Example: Beacon Power Services — Both Boko Haram and the Niger Delta Avengers have been featured prominently in the 24-hour news cycle over the past year (and more). Our assessment of our investment into Beacon Power Services led us to believe that the risk of the activities of Boko Haram affecting Beacon Power Services was low — including the potential spillover effects of reduced tourism and increased governmental intervention. The Niger Delta Avengers announced their existence as we were closing our investment in Beacon Power Services; unlike the threat of Boko Haram, the Niger Delta Avengers directly affect the market Beacon Power Services operates in. However, we felt that a further decrease in the reliability of electricity provided by independent power providers and state-run power producers would potentially result in larger companies seeking to do business with Beacon Power Services — this view has also proven to be true, as Beacon Power Services is working closely with major Nigerian banks to provide comprehensive power solutions to those businesses.

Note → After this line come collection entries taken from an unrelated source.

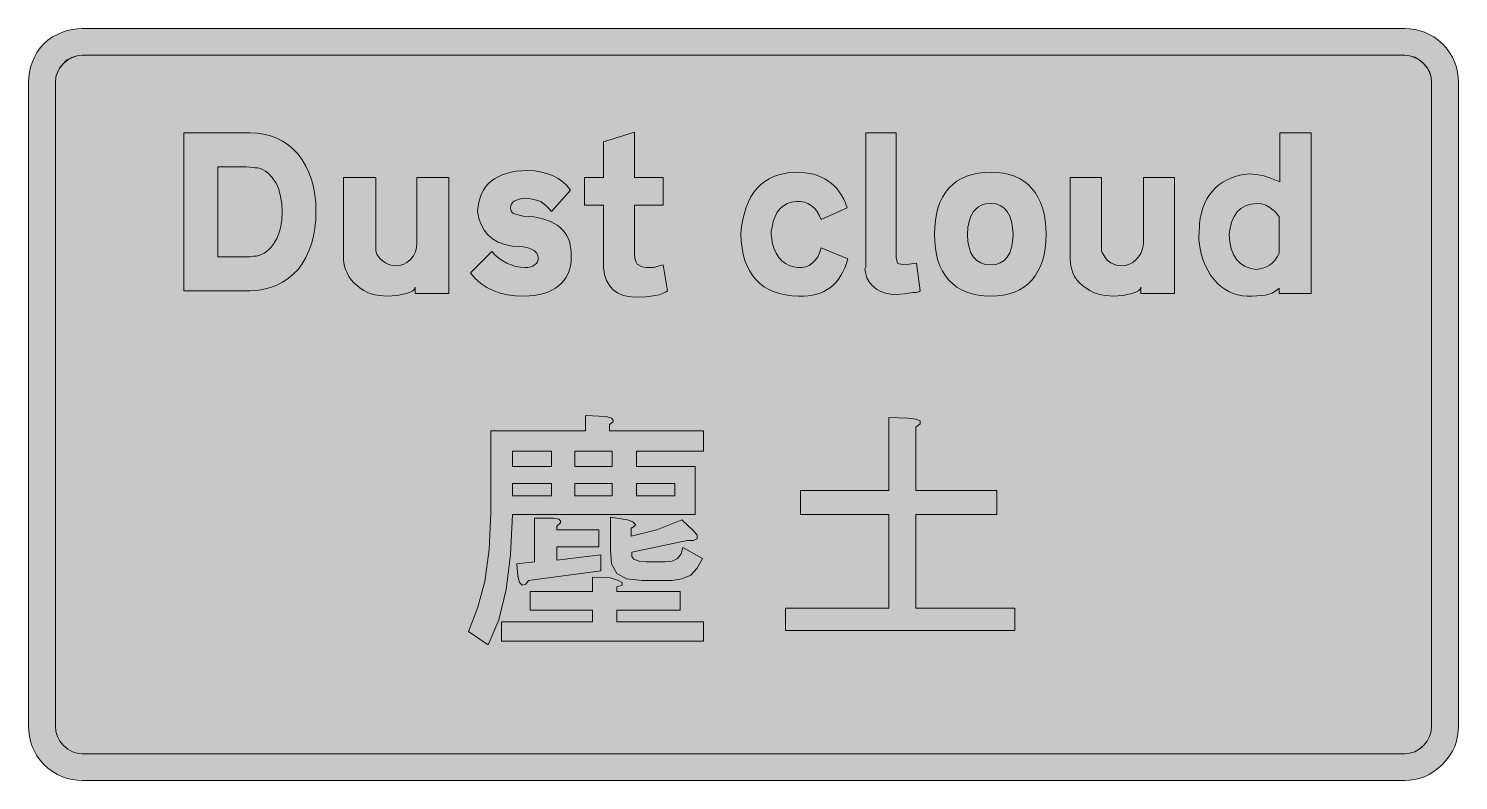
# Model space of a CAD drawing. Header units: metres. Extents: x 44 to 525, y 11 to 264.
import ezdxf

# ---------------------------------------------------------------- set-up
doc = ezdxf.new("R2010")
doc.units = ezdxf.units.M
doc.layers.add('FILL_BLACK_000000', color=7, linetype='Continuous', true_color=0x000000)
doc.layers.add('FILL_WHITE_FFFFFF', color=7, linetype='Continuous', true_color=0xffffff)

msp = doc.modelspace()

# ---------------------------------------------------------------- hatches: boundary and pattern name
at = {"layer": 'FILL_BLACK_000000', "true_color": 0x000000}
h = msp.add_hatch(color=7, dxfattribs=at)
h.dxf.hatch_style = 1
h.paths.add_polyline_path([(509.8, 263.32), (511.46, 262.95), (513.21, 262.38), (514.78, 261.64), (516.32, 260.77), (517.81, 259.72), (519.21, 258.48), (520.5, 257.07), (521.65, 255.55), (522.63, 253.92), (523.41, 252.18), (523.98, 250.56), (524.35, 248.88), (524.55, 247.2), (524.61, 245.58), (524.61, 28.98), (524.55, 27.23), (524.35, 25.53), (523.98, 23.83), (523.41, 22.08), (522.63, 20.51), (521.65, 18.97), (520.5, 17.48), (519.21, 16.08), (517.81, 14.79), (516.32, 13.64), (514.78, 12.66), (513.21, 11.88), (511.46, 11.31), (509.8, 10.94), (508.19, 10.74), (506.61, 10.68), (62.01, 10.68), (60.39, 10.74), (58.71, 10.94), (57.03, 11.31), (55.41, 11.88), (53.67, 12.66), (52.03, 13.64), (50.52, 14.79), (49.11, 16.08), (47.87, 17.48), (46.82, 18.97), (45.95, 20.51), (45.21, 22.08), (44.64, 23.83), (44.27, 25.53), (44.07, 27.23), (44.01, 28.98), (44.01, 245.58), (44.07, 247.2), (44.27, 248.88), (44.64, 250.56), (45.21, 252.18), (45.95, 253.92), (46.82, 255.55), (47.87, 257.07), (49.11, 258.48), (50.52, 259.72), (52.03, 260.77), (53.67, 261.64), (55.41, 262.38), (57.03, 262.95), (58.71, 263.32), (60.39, 263.52), (62.01, 263.58), (506.61, 263.58), (508.19, 263.52), (509.8, 263.32)])
h.paths.add_polyline_path([(60.39, 254.41), (58.75, 253.9), (57.16, 253.06), (55.71, 251.88), (54.53, 250.43), (53.68, 248.84), (53.18, 247.2), (53.01, 245.58), (53.01, 28.98), (53.18, 27.19), (53.68, 25.45), (54.53, 23.83), (55.71, 22.38), (57.16, 21.2), (58.75, 20.35), (60.39, 19.85), (62.01, 19.68), (506.61, 19.68), (508.23, 19.85), (509.87, 20.35), (511.46, 21.2), (512.91, 22.38), (514.09, 23.83), (514.93, 25.45), (515.44, 27.19), (515.61, 28.98), (515.61, 245.58), (515.44, 247.2), (514.93, 248.84), (514.09, 250.43), (512.91, 251.88), (511.46, 253.06), (509.87, 253.9), (508.23, 254.41), (506.61, 254.58), (62.01, 254.58), (60.39, 254.41)], flags=16)
h = msp.add_hatch(color=7, dxfattribs=at)
h.dxf.hatch_style = 1
h.paths.add_polyline_path([(96.21, 228.48), (118.41, 228.48), (120.83, 228.37), (123.13, 228.03), (125.33, 227.47), (127.41, 226.68), (129.38, 225.67), (131.23, 224.43), (132.98, 222.97), (134.61, 221.28), (135.99, 219.4), (137.19, 217.35), (138.22, 215.15), (139.07, 212.8), (139.74, 210.32), (140.22, 207.7), (140.51, 204.95), (140.61, 202.08), (140.51, 199.2), (140.22, 196.42), (139.74, 193.75), (139.07, 191.2), (138.22, 188.8), (137.19, 186.55), (135.99, 184.48), (134.61, 182.58), (132.98, 180.98), (131.23, 179.56), (129.38, 178.32), (127.41, 177.29), (125.33, 176.47), (123.13, 175.87), (120.83, 175.5), (118.41, 175.38), (96.21, 175.38), (96.21, 228.48)])
h.paths.add_polyline_path([(116.31, 186.78), (116.91, 186.78), (118.37, 186.82), (119.06, 186.91), (119.61, 187.08), (120.51, 187.08), (121.41, 187.26), (122.3, 187.58), (123.16, 188.02), (124, 188.58), (124.79, 189.25), (125.53, 190.03), (126.21, 190.91), (126.81, 191.88), (127.43, 192.93), (127.94, 194.06), (128.36, 195.27), (128.68, 196.53), (129.09, 199.22), (129.21, 202.08), (129.09, 204.59), (128.72, 207.1), (128.07, 209.5), (127.63, 210.63), (127.11, 211.68), (125.88, 213.53), (124.45, 215.02), (123.67, 215.61), (122.85, 216.11), (122, 216.5), (121.11, 216.78), (120.21, 216.78), (117.21, 217.08), (116.61, 217.08), (107.61, 217.08), (107.61, 186.78), (116.31, 186.78)], flags=16)
h = msp.add_hatch(color=7, dxfattribs=at)
h.dxf.hatch_style = 1
h.paths.add_polyline_path([(257.31, 213.48), (257.31, 204.18), (247.71, 204.18), (247.71, 187.38), (247.77, 186.53), (247.93, 185.77), (248.22, 185.06), (248.61, 184.38), (250, 183.55), (250.76, 183.28), (251.61, 183.18), (254.01, 183.18), (257.31, 184.08), (258.81, 175.38), (258.05, 174.86), (257.12, 174.42), (256.01, 174.06), (254.72, 173.77), (251.6, 173.4), (247.71, 173.28), (245.57, 173.44), (243.66, 173.92), (241.97, 174.67), (240.51, 175.68), (239.28, 177.15), (238.3, 178.87), (237.6, 180.87), (237.21, 183.18), (237.21, 204.18), (230.91, 204.18), (230.91, 213.48), (237.21, 213.48), (237.21, 225.48), (247.71, 228.78), (247.71, 213.48), (257.31, 213.48)])
h = msp.add_hatch(color=7, dxfattribs=at)
h.dxf.hatch_style = 1
h.paths.add_polyline_path([(335.61, 186.78), (335.61, 186.48), (335.91, 185.28), (335.91, 184.98), (336.12, 184.68), (336.52, 184.47), (337.86, 184.27), (339.88, 184.35), (342.51, 184.68), (343.71, 175.38), (343.63, 175.23), (343.46, 175.13), (343.11, 175.08), (342.83, 174.91), (342.43, 174.82), (341.31, 174.78), (338.46, 174.37), (335.61, 174.18), (333.82, 174.29), (332.08, 174.63), (330.46, 175.19), (329.01, 175.98), (327.6, 177.16), (326.53, 178.42), (325.8, 179.73), (325.41, 181.08), (325.26, 182.05), (325.11, 182.58), (325.15, 183.03), (325.41, 183.48), (325.41, 183.78), (325.41, 228.48), (335.61, 228.48), (335.61, 186.78)])
h = msp.add_hatch(color=7, dxfattribs=at)
h.dxf.hatch_style = 1
h.paths.add_polyline_path([(475.11, 228.48), (475.11, 174.48), (464.31, 174.48), (464.31, 176.28), (463.68, 175.65), (462.9, 175.1), (461.99, 174.63), (460.93, 174.25), (459.74, 173.96), (458.4, 173.75), (455.31, 173.58), (453.64, 173.55), (452.01, 173.69), (450.44, 174), (448.91, 174.47), (447.45, 175.1), (446.06, 175.9), (444.74, 176.85), (443.5, 177.97), (442.35, 179.24), (441.29, 180.67), (440.34, 182.26), (439.49, 184), (438.76, 185.89), (438.14, 187.94), (437.66, 190.14), (437.31, 192.48), (437.31, 193.38), (437.61, 196.98), (437.61, 197.88), (437.85, 199.79), (438.22, 201.59), (438.72, 203.28), (439.35, 204.85), (440.09, 206.31), (440.95, 207.65), (441.91, 208.88), (442.97, 209.99), (444.13, 210.99), (445.38, 211.87), (446.71, 212.63), (448.11, 213.28), (449.59, 213.81), (451.14, 214.22), (452.75, 214.51), (454.41, 214.68), (456.72, 214.51), (459.17, 214), (461.79, 213.16), (464.61, 211.98), (464.61, 228.48), (475.11, 228.48)])
h.paths.add_polyline_path([(464.31, 200.28), (463.71, 201.14), (463.11, 201.78), (462.81, 202.3), (462.51, 202.38), (461.28, 203.39), (459.88, 204.14), (458.38, 204.62), (456.81, 204.78), (454.8, 204.51), (453.04, 203.94), (451.52, 203.07), (450.25, 201.89), (449.21, 200.42), (448.41, 198.66), (447.85, 196.61), (447.51, 194.28), (447.75, 191.73), (448.24, 189.5), (448.99, 187.57), (449.98, 185.95), (451.24, 184.65), (452.74, 183.65), (454.5, 182.96), (456.51, 182.58), (457.9, 182.76), (459.16, 183.09), (460.3, 183.55), (461.31, 184.15), (462.21, 184.9), (463.01, 185.79), (463.7, 186.81), (464.31, 187.98), (464.31, 197.28), (464.31, 200.28)], flags=16)
h = msp.add_hatch(color=7, dxfattribs=at)
h.dxf.hatch_style = 1
h.paths.add_polyline_path([(185.31, 213.48), (185.31, 174.48), (173.91, 174.48), (173.91, 176.58), (173.74, 175.96), (173.2, 175.42), (172.26, 174.93), (170.91, 174.48), (169.46, 174.09), (167.87, 173.8), (166.23, 173.64), (164.61, 173.58), (161.88, 173.76), (160.51, 174.01), (159.17, 174.37), (157.87, 174.85), (156.64, 175.48), (155.48, 176.25), (154.41, 177.18), (153.35, 178.09), (152.42, 179.05), (151.67, 180.13), (151.11, 181.38), (150.54, 182.5), (150.17, 183.63), (149.97, 184.75), (149.91, 185.88), (149.91, 213.48), (160.71, 213.48), (160.71, 189.78), (160.75, 188.84), (161.01, 187.68), (161.8, 186.63), (162.23, 186.08), (162.81, 185.58), (163.93, 184.79), (165.06, 184.23), (166.18, 183.89), (167.31, 183.78), (168.53, 183.9), (169.86, 184.27), (171.19, 184.92), (172.41, 185.88), (173.37, 187.1), (174.02, 188.47), (174.39, 189.89), (174.51, 191.28), (174.51, 213.48), (185.31, 213.48)])
h = msp.add_hatch(color=7, dxfattribs=at)
h.dxf.hatch_style = 1
h.paths.add_polyline_path([(226.34, 185.25), (226.13, 183.8), (225.79, 182.44), (225.32, 181.17), (224.72, 180), (223.99, 178.91), (223.14, 177.92), (222.17, 177.03), (221.09, 176.24), (219.89, 175.54), (218.58, 174.95), (217.17, 174.46), (215.65, 174.08), (214.04, 173.8), (212.32, 173.64), (210.51, 173.58), (207.67, 173.69), (205, 174.04), (202.49, 174.62), (200.16, 175.45), (197.99, 176.54), (196, 177.88), (194.17, 179.49), (192.51, 181.38), (199.71, 188.58), (200.89, 187.34), (202.15, 186.29), (203.46, 185.42), (204.81, 184.68), (206.21, 184.07), (207.7, 183.59), (209.24, 183.29), (210.81, 183.18), (211.87, 183.24), (212.8, 183.4), (213.55, 183.69), (214.11, 184.08), (214.68, 184.58), (215.05, 185.17), (215.25, 185.81), (215.31, 186.48), (215.17, 187.34), (214.75, 188.1), (214.06, 188.77), (213.1, 189.33), (211.87, 189.78), (210.37, 190.11), (208.62, 190.31), (206.61, 190.38), (204.08, 190.96), (201.87, 191.79), (199.98, 192.87), (198.4, 194.2), (197.11, 195.79), (196.11, 197.64), (195.38, 199.73), (194.91, 202.08), (195.08, 203.71), (195.36, 205.24), (195.76, 206.67), (196.27, 207.99), (196.9, 209.21), (197.64, 210.32), (198.5, 211.33), (199.48, 212.24), (200.59, 213.05), (201.81, 213.75), (203.15, 214.36), (204.61, 214.86), (206.2, 215.27), (207.91, 215.57), (209.75, 215.77), (211.71, 215.88), (214.19, 215.68), (216.45, 215.31), (218.51, 214.77), (220.37, 214.04), (222.05, 213.13), (223.56, 212.04), (224.91, 210.76), (226.11, 209.28), (219.81, 202.08), (218.91, 203.1), (218.01, 203.95), (216.21, 205.38), (213.92, 206.09), (211.41, 206.58), (210.06, 206.43), (208.92, 206.19), (207.99, 205.88), (207.25, 205.49), (206.69, 205.04), (206.31, 204.51), (206.08, 203.93), (206.01, 203.28), (206.05, 202.57), (206.31, 202.08), (206.59, 201.69), (206.95, 201.4), (207.36, 201.24), (207.81, 201.18), (208.87, 200.79), (210.25, 200.5), (211.9, 200.34), (213.81, 200.28), (216.86, 199.59), (219.49, 198.63), (220.65, 198.06), (221.7, 197.41), (222.64, 196.69), (223.48, 195.89), (224.22, 195.03), (224.85, 194.08), (225.37, 193.07), (225.79, 191.97), (226.1, 190.79), (226.31, 189.54), (226.41, 188.2), (226.41, 186.78), (226.34, 185.25)])
h = msp.add_hatch(color=7, dxfattribs=at)
h.dxf.hatch_style = 1
h.paths.add_polyline_path([(305.05, 215.11), (306.48, 214.88), (307.86, 214.57), (309.18, 214.15), (310.45, 213.63), (311.66, 213.01), (312.81, 212.28), (313.81, 211.55), (314.76, 210.7), (315.67, 209.75), (316.52, 208.68), (317.3, 207.5), (318, 206.2), (318.61, 204.8), (319.11, 203.28), (310.41, 199.38), (309.78, 200.86), (309.01, 202.13), (308.12, 203.2), (307.11, 204.07), (305.99, 204.72), (304.76, 205.16), (303.43, 205.38), (302.01, 205.38), (300.41, 205.15), (298.97, 204.7), (297.71, 204), (296.61, 203.05), (295.68, 201.86), (294.92, 200.4), (294.33, 198.68), (293.91, 196.68), (293.65, 195.52), (293.61, 194.58), (293.91, 191.88), (293.91, 191.58), (294.54, 189.68), (295.31, 188.03), (296.21, 186.63), (297.25, 185.47), (298.41, 184.55), (299.69, 183.86), (301.09, 183.41), (302.61, 183.18), (303.95, 183.25), (305.23, 183.48), (306.41, 183.94), (307.41, 184.68), (308.43, 185.65), (309.25, 186.78), (309.9, 188.14), (310.41, 189.78), (319.41, 186.18), (318.92, 184.6), (318.37, 183.13), (317.74, 181.76), (317.04, 180.5), (316.27, 179.34), (315.43, 178.29), (314.51, 177.35), (313.52, 176.5), (312.46, 175.77), (311.32, 175.14), (310.11, 174.62), (308.82, 174.2), (307.46, 173.89), (306.02, 173.68), (304.5, 173.58), (302.91, 173.58), (300.62, 173.71), (298.47, 174), (296.46, 174.45), (294.59, 175.05), (292.86, 175.8), (291.28, 176.72), (289.84, 177.79), (288.55, 179.02), (287.4, 180.4), (286.39, 181.95), (285.53, 183.65), (284.81, 185.52), (284.24, 187.54), (283.82, 189.73), (283.54, 192.07), (283.41, 194.58), (283.69, 197.03), (284.09, 199.33), (284.6, 201.48), (285.22, 203.47), (285.96, 205.3), (286.82, 206.98), (287.79, 208.51), (288.88, 209.88), (290.1, 211.1), (291.43, 212.16), (292.89, 213.07), (294.46, 213.82), (296.16, 214.42), (297.99, 214.86), (299.94, 215.15), (302.01, 215.28), (305.05, 215.11)])
h = msp.add_hatch(color=7, dxfattribs=at)
h.dxf.hatch_style = 1
h.paths.add_polyline_path([(385.7, 189.6), (385.32, 187.47), (384.79, 185.48), (384.11, 183.63), (383.29, 181.93), (382.32, 180.38), (381.21, 178.98), (379.96, 177.74), (378.57, 176.65), (377.04, 175.72), (375.38, 174.96), (373.58, 174.36), (371.65, 173.93), (369.6, 173.67), (367.41, 173.58), (365.22, 173.66), (363.14, 173.92), (361.18, 174.34), (359.35, 174.93), (357.64, 175.69), (356.06, 176.62), (354.62, 177.71), (353.31, 178.98), (352.16, 180.41), (351.17, 182), (350.34, 183.74), (349.67, 185.62), (349.16, 187.62), (348.8, 189.74), (348.58, 191.96), (348.51, 194.28), (348.58, 196.7), (348.8, 199), (349.16, 201.17), (349.67, 203.2), (350.34, 205.1), (351.17, 206.85), (352.16, 208.45), (353.31, 209.88), (354.62, 211.15), (356.06, 212.24), (357.64, 213.17), (359.35, 213.93), (361.18, 214.52), (363.14, 214.94), (365.22, 215.2), (367.41, 215.28), (369.6, 215.19), (371.65, 214.93), (373.58, 214.5), (375.38, 213.9), (377.04, 213.13), (378.57, 212.2), (379.96, 211.1), (381.21, 209.84), (382.32, 208.43), (383.29, 206.86), (384.11, 205.13), (384.79, 203.26), (385.32, 201.23), (385.7, 199.06), (385.93, 196.74), (386.01, 194.28), (385.93, 191.87), (385.7, 189.6)])
h.paths.add_polyline_path([(374.41, 198.7), (373.8, 200.5), (372.96, 202), (371.89, 203.2), (370.61, 204.07), (369.11, 204.6), (367.41, 204.78), (365.61, 204.6), (364.8, 204.38), (364.04, 204.07), (363.34, 203.67), (362.7, 203.2), (361.6, 202), (360.73, 200.5), (360.11, 198.7), (359.74, 196.63), (359.61, 194.28), (359.74, 191.95), (360.11, 189.9), (360.73, 188.15), (361.6, 186.7), (362.7, 185.57), (364.04, 184.75), (365.61, 184.25), (367.41, 184.08), (369.11, 184.25), (370.61, 184.75), (371.89, 185.57), (372.96, 186.7), (373.8, 188.15), (374.41, 189.9), (374.78, 191.95), (374.91, 194.28), (374.78, 196.63), (374.41, 198.7)], flags=16)
h = msp.add_hatch(color=7, dxfattribs=at)
h.dxf.hatch_style = 1
h.paths.add_polyline_path([(429.21, 213.48), (429.21, 174.48), (417.81, 174.48), (417.81, 176.58), (417.64, 175.96), (417.1, 175.42), (416.16, 174.93), (414.81, 174.48), (413.37, 174.09), (411.81, 173.8), (410.25, 173.64), (408.81, 173.58), (405.95, 173.76), (404.56, 174.01), (403.22, 174.37), (401.92, 174.85), (400.67, 175.48), (399.46, 176.25), (398.31, 177.18), (397.25, 178.09), (396.32, 179.05), (395.57, 180.13), (395.01, 181.38), (394.62, 182.5), (394.33, 183.63), (394.17, 184.75), (394.11, 185.88), (394.11, 213.48), (404.61, 213.48), (404.61, 189.78), (404.68, 188.84), (404.86, 188.3), (405.21, 187.68), (405.85, 186.63), (406.71, 185.58), (407.83, 184.79), (408.96, 184.23), (410.08, 183.89), (411.21, 183.78), (412.56, 183.9), (413.87, 184.27), (415.13, 184.92), (416.31, 185.88), (417.43, 187.23), (417.83, 187.9), (418.11, 188.58), (418.52, 189.93), (418.71, 191.28), (418.71, 213.48), (429.21, 213.48)])
h = msp.add_hatch(color=7, dxfattribs=at)
h.dxf.hatch_style = 1
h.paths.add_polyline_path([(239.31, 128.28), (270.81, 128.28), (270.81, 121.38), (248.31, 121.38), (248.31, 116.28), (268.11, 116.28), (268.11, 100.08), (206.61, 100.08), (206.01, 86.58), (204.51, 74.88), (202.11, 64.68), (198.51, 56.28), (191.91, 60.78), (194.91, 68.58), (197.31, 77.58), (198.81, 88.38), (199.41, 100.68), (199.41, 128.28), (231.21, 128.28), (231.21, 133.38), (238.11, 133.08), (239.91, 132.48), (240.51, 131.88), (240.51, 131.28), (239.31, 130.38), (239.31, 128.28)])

- What role will the company play in the labor market, and what is the company’s plan to manage its human capital?
- What is the company doing to support the stability of its stakeholders, and how might the company do more?
- Will the company be viewed adversely by any stakeholder group due to its business model, business purpose or labor practices?
- If successful, how might the company support further social stability in the areas where it operates?
Example: MoringaConnect — As a producer of premium, organic goods, MoringaConnect is exposed at many levels to the stability of its various stakeholders — the farmers whom grow the moringa, the communities where the moringa is farmed, the employees who help to process its products, etc. As organic, premium goods command higher prices in the market, we understood any risk to achieving this certification would have significant impact on our investment. For this and other reasons, we assessed the social stability risk as high in our investment into MoringaConnect — it therefore became critical that we understood how the company would manage its relationships with its outgrower farmers, what additional services it would provide to those farmers and how much it would pay the farmers for the moringa leaves and moringa seeds that make its core products. A system of community-enforced procedures, codified by contracts but largely enforced based on reputation and mutual benefits, led us to believe the social stability risk was mitigated to a manageable level.
Despite the risks (perceived and real) in emerging markets, the fundamental needs of businesses exist and, where the pain is great enough, there are entrepreneurs solving these problems. This is one of the main lessons we are learning about entrepreneurs in developing countries: the obstacles that exist in these markets are matched by the local understanding and the tenacity of the entrepreneurs that have chosen to build scalable businesses to solve local problems. We’ve seen this in each of the companies we’ve invested in. It’s why we provide them with capital and why you should too.